(Records from a data source)
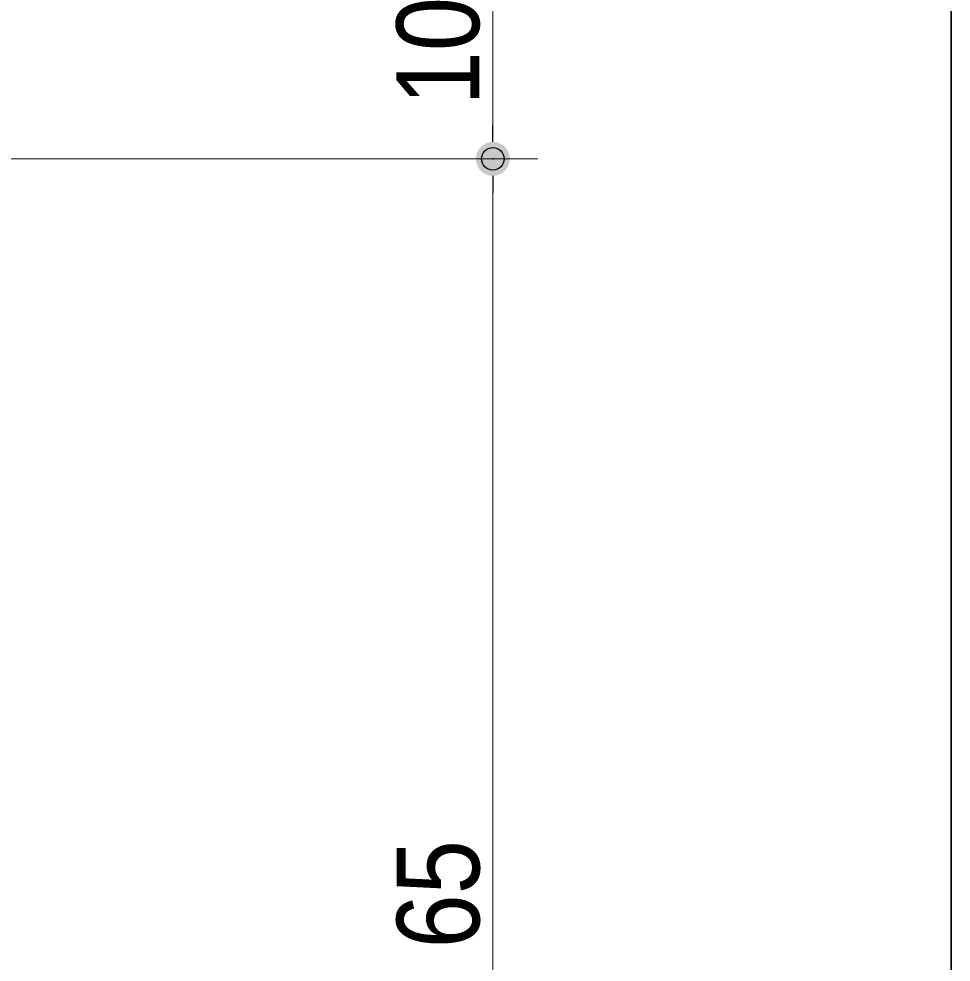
# Model space of a CAD drawing. Units: millimetres, scale not verified, with parts at other scales. Extents: x -6062 to 6062, y -3045 to 3045.
# Drawn here: x 1799.4 to 2212.5, y 190.3 to 608 of the extents above; entities that cross this region are included whole.
import ezdxf
from ezdxf.enums import TextEntityAlignment as Align

# ---------------------------------------------------------------- set-up
doc = ezdxf.new("R2010")
doc.units = ezdxf.units.MM
doc.header["$LTSCALE"] = 20
doc.header["$PDMODE"] = 32
doc.header["$PDSIZE"] = 10
for name, color, linetype, lineweight in [('0-0_1図面枠', 7, 'Continuous', 20), ('0-2_2寸法-1', 7, 'Continuous', 15), ('0-3_0', 7, 'Continuous', 25)]:
    doc.layers.add(name, color=color, linetype=linetype, lineweight=lineweight)
doc.layers.add('0-4_Defpoints', color=7, linetype='Continuous')
doc.styles.add('ＭＳ Ｐゴシック', font='')
doc.styles.get('ＭＳ Ｐゴシック').set_extended_font_data('MS PGothic')

# ---------------------------------------------------------------- blocks, each defined once
blk = doc.blocks.new('グループ-2')
at = {"layer": '0-0_1図面枠', "lineweight": 35}
blk.add_lwpolyline([(-80000, 55400), (80000, 55400), (80000, -55400), (-80000, -55400)], close=True, dxfattribs=at)
blk = doc.blocks.new('図面枠')
at = {"layer": '0-0_1図面枠'}
blk.add_blockref('グループ-2', (0, 0), dxfattribs=at)
blk = doc.blocks.new('_Dot')
at = {"layer": '0-3_0'}
blk.add_line((-10, 0), (-20, 0), dxfattribs=at)
for points in [[(0, 0), (-8.76, 4.82), (-8.09, 5.88)], [(0, 0), (-8.09, 5.88), (-7.29, 6.85)], [(0, 0), (-7.29, 6.85), (-6.37, 7.71)], [(0, 0), (-6.37, 7.71), (-5.36, 8.44)], [(0, 0), (-5.36, 8.44), (-4.26, 9.05)], [(0, 0), (-4.26, 9.05), (-3.09, 9.51)], [(0, 0), (-3.09, 9.51), (-1.87, 9.82)], [(0, 0), (-1.87, 9.82), (-0.63, 9.98)], [(0, 0), (-0.63, 9.98), (0.63, 9.98)], [(0, 0), (0.63, 9.98), (1.87, 9.82)], [(0, 0), (1.87, 9.82), (3.09, 9.51)], [(0, 0), (3.09, 9.51), (4.26, 9.05)], [(0, 0), (4.26, 9.05), (5.36, 8.44)], [(0, 0), (5.36, 8.44), (6.37, 7.71)], [(0, 0), (6.37, 7.71), (7.29, 6.85)], [(0, 0), (7.29, 6.85), (8.09, 5.88)], [(0, 0), (8.09, 5.88), (8.76, 4.82)], [(0, 0), (-10, 0), (-9.92, 1.25)], [(0, 0), (-9.92, -1.25), (-10, 0)], [(0, 0), (-9.92, 1.25), (-9.69, 2.49)], [(0, 0), (-9.69, -2.49), (-9.92, -1.25)], [(0, 0), (-9.69, 2.49), (-9.3, 3.68)], [(0, 0), (-9.3, -3.68), (-9.69, -2.49)], [(0, 0), (-9.3, 3.68), (-8.76, 4.82)], [(0, 0), (-8.76, -4.82), (-9.3, -3.68)], [(0, 0), (-8.09, -5.88), (-8.76, -4.82)], [(0, 0), (-7.29, -6.85), (-8.09, -5.88)], [(0, 0), (-6.37, -7.71), (-7.29, -6.85)], [(0, 0), (-5.36, -8.44), (-6.37, -7.71)], [(0, 0), (-4.26, -9.05), (-5.36, -8.44)], [(0, 0), (-3.09, -9.51), (-4.26, -9.05)], [(0, 0), (-1.87, -9.82), (-3.09, -9.51)], [(0, 0), (-0.63, -9.98), (-1.87, -9.82)], [(0, 0), (0.63, -9.98), (-0.63, -9.98)], [(0, 0), (8.76, 4.82), (9.3, 3.68)], [(0, 0), (9.3, 3.68), (9.69, 2.49)], [(0, 0), (9.69, 2.49), (9.92, 1.25)], [(0, 0), (9.92, 1.25), (10, 0)], [(0, 0), (1.87, -9.82), (0.63, -9.98)], [(0, 0), (3.09, -9.51), (1.87, -9.82)], [(0, 0), (4.26, -9.05), (3.09, -9.51)], [(0, 0), (5.36, -8.44), (4.26, -9.05)], [(0, 0), (6.37, -7.71), (5.36, -8.44)], [(0, 0), (7.29, -6.85), (6.37, -7.71)], [(0, 0), (8.09, -5.88), (7.29, -6.85)], [(0, 0), (8.76, -4.82), (8.09, -5.88)], [(0, 0), (9.3, -3.68), (8.76, -4.82)], [(0, 0), (9.69, -2.49), (9.3, -3.68)], [(0, 0), (9.92, -1.25), (9.69, -2.49)], [(0, 0), (10, 0), (9.92, -1.25)]]:
    blk.add_solid(points, dxfattribs=at)

msp = doc.modelspace()

# ---------------------------------------------------------------- linework, layer by layer
at = {"layer": '0-2_2寸法-1'}
for p, q in [((2009.43, 631.01), (2009.43, 561.03)), ((1776.69, 546.02), (2029.43, 546.02)), ((1806.69, 546.02), (2029.43, 546.02)), ((2009.43, 531.01), (2009.43, -88.97))]:
    msp.add_line(p, q, dxfattribs=at)
at = {"layer": '0-4_Defpoints'}
msp.add_point((2009.43, 546.02), dxfattribs=at)

# ---------------------------------------------------------------- block references
at = {"layer": '0-0_1図面枠', "xscale": 0.05, "yscale": 0.05}
msp.add_blockref('図面枠', (-1787.5, 0), dxfattribs=at)
at = {"layer": '0-2_2寸法-1', "xscale": 0.7503418, "yscale": 0.7503418}
for rotation in [270, 90]:
    msp.add_blockref('_Dot', (2009.43, 546.02), dxfattribs=dict(at, rotation=rotation))

# ---------------------------------------------------------------- texts
at = {"layer": '0-2_2寸法-1', "style": 'ＭＳ Ｐゴシック', "width": 0.9}
for s, p in [('10', (2014.39, 569.7)), ('65', (2014.48, 196.33))]:
    msp.add_text(s, height=36.66, rotation=90, dxfattribs=at).set_placement(p, align=Align.BOTTOM_LEFT)

doc.saveas('drawing.dxf')

### [Problem to work on]
Could you print all of the entries above exactly as written, minus the pictures?

### [Output below]
# Model space of a CAD drawing. Units: millimetres, scale not verified, with parts at other scales. Extents: x -6062 to 6062, y -3045 to 3045.
# Drawn here: x 1799.4 to 2212.5, y 190.3 to 608 of the extents above; entities that cross this region are included whole.
import ezdxf
from ezdxf.enums import TextEntityAlignment as Align

# ---------------------------------------------------------------- set-up
doc = ezdxf.new("R2010")
doc.units = ezdxf.units.MM
doc.header["$LTSCALE"] = 20
doc.header["$PDMODE"] = 32
doc.header["$PDSIZE"] = 10
for name, color, linetype, lineweight in [('0-0_1図面枠', 7, 'Continuous', 20), ('0-2_2寸法-1', 7, 'Continuous', 15), ('0-3_0', 7, 'Continuous', 25)]:
    doc.layers.add(name, color=color, linetype=linetype, lineweight=lineweight)
doc.layers.add('0-4_Defpoints', color=7, linetype='Continuous')
doc.styles.add('ＭＳ Ｐゴシック', font='')
doc.styles.get('ＭＳ Ｐゴシック').set_extended_font_data('MS PGothic')

# ---------------------------------------------------------------- blocks, each defined once
blk = doc.blocks.new('グループ-2')
at = {"layer": '0-0_1図面枠', "lineweight": 35}
blk.add_lwpolyline([(-80000, 55400), (80000, 55400), (80000, -55400), (-80000, -55400)], close=True, dxfattribs=at)
blk = doc.blocks.new('図面枠')
at = {"layer": '0-0_1図面枠'}
blk.add_blockref('グループ-2', (0, 0), dxfattribs=at)
blk = doc.blocks.new('_Dot')
at = {"layer": '0-3_0'}
blk.add_line((-10, 0), (-20, 0), dxfattribs=at)
for points in [[(0, 0), (-8.76, 4.82), (-8.09, 5.88)], [(0, 0), (-8.09, 5.88), (-7.29, 6.85)], [(0, 0), (-7.29, 6.85), (-6.37, 7.71)], [(0, 0), (-6.37, 7.71), (-5.36, 8.44)], [(0, 0), (-5.36, 8.44), (-4.26, 9.05)], [(0, 0), (-4.26, 9.05), (-3.09, 9.51)], [(0, 0), (-3.09, 9.51), (-1.87, 9.82)], [(0, 0), (-1.87, 9.82), (-0.63, 9.98)], [(0, 0), (-0.63, 9.98), (0.63, 9.98)], [(0, 0), (0.63, 9.98), (1.87, 9.82)], [(0, 0), (1.87, 9.82), (3.09, 9.51)], [(0, 0), (3.09, 9.51), (4.26, 9.05)], [(0, 0), (4.26, 9.05), (5.36, 8.44)], [(0, 0), (5.36, 8.44), (6.37, 7.71)], [(0, 0), (6.37, 7.71), (7.29, 6.85)], [(0, 0), (7.29, 6.85), (8.09, 5.88)], [(0, 0), (8.09, 5.88), (8.76, 4.82)], [(0, 0), (-10, 0), (-9.92, 1.25)], [(0, 0), (-9.92, -1.25), (-10, 0)], [(0, 0), (-9.92, 1.25), (-9.69, 2.49)], [(0, 0), (-9.69, -2.49), (-9.92, -1.25)], [(0, 0), (-9.69, 2.49), (-9.3, 3.68)], [(0, 0), (-9.3, -3.68), (-9.69, -2.49)], [(0, 0), (-9.3, 3.68), (-8.76, 4.82)], [(0, 0), (-8.76, -4.82), (-9.3, -3.68)], [(0, 0), (-8.09, -5.88), (-8.76, -4.82)], [(0, 0), (-7.29, -6.85), (-8.09, -5.88)], [(0, 0), (-6.37, -7.71), (-7.29, -6.85)], [(0, 0), (-5.36, -8.44), (-6.37, -7.71)], [(0, 0), (-4.26, -9.05), (-5.36, -8.44)], [(0, 0), (-3.09, -9.51), (-4.26, -9.05)], [(0, 0), (-1.87, -9.82), (-3.09, -9.51)], [(0, 0), (-0.63, -9.98), (-1.87, -9.82)], [(0, 0), (0.63, -9.98), (-0.63, -9.98)], [(0, 0), (8.76, 4.82), (9.3, 3.68)], [(0, 0), (9.3, 3.68), (9.69, 2.49)], [(0, 0), (9.69, 2.49), (9.92, 1.25)], [(0, 0), (9.92, 1.25), (10, 0)], [(0, 0), (1.87, -9.82), (0.63, -9.98)], [(0, 0), (3.09, -9.51), (1.87, -9.82)], [(0, 0), (4.26, -9.05), (3.09, -9.51)], [(0, 0), (5.36, -8.44), (4.26, -9.05)], [(0, 0), (6.37, -7.71), (5.36, -8.44)], [(0, 0), (7.29, -6.85), (6.37, -7.71)], [(0, 0), (8.09, -5.88), (7.29, -6.85)], [(0, 0), (8.76, -4.82), (8.09, -5.88)], [(0, 0), (9.3, -3.68), (8.76, -4.82)], [(0, 0), (9.69, -2.49), (9.3, -3.68)], [(0, 0), (9.92, -1.25), (9.69, -2.49)], [(0, 0), (10, 0), (9.92, -1.25)]]:
    blk.add_solid(points, dxfattribs=at)

msp = doc.modelspace()

# ---------------------------------------------------------------- linework, layer by layer
at = {"layer": '0-2_2寸法-1'}
for p, q in [((2009.43, 631.01), (2009.43, 561.03)), ((1776.69, 546.02), (2029.43, 546.02)), ((1806.69, 546.02), (2029.43, 546.02)), ((2009.43, 531.01), (2009.43, -88.97))]:
    msp.add_line(p, q, dxfattribs=at)
at = {"layer": '0-4_Defpoints'}
msp.add_point((2009.43, 546.02), dxfattribs=at)

# ---------------------------------------------------------------- block references
at = {"layer": '0-0_1図面枠', "xscale": 0.05, "yscale": 0.05}
msp.add_blockref('図面枠', (-1787.5, 0), dxfattribs=at)
at = {"layer": '0-2_2寸法-1', "xscale": 0.7503418, "yscale": 0.7503418}
for rotation in [270, 90]:
    msp.add_blockref('_Dot', (2009.43, 546.02), dxfattribs=dict(at, rotation=rotation))

# ---------------------------------------------------------------- texts
at = {"layer": '0-2_2寸法-1', "style": 'ＭＳ Ｐゴシック', "width": 0.9}
for s, p in [('10', (2014.39, 569.7)), ('65', (2014.48, 196.33))]:
    msp.add_text(s, height=36.66, rotation=90, dxfattribs=at).set_placement(p, align=Align.BOTTOM_LEFT)

doc.saveas('drawing.dxf')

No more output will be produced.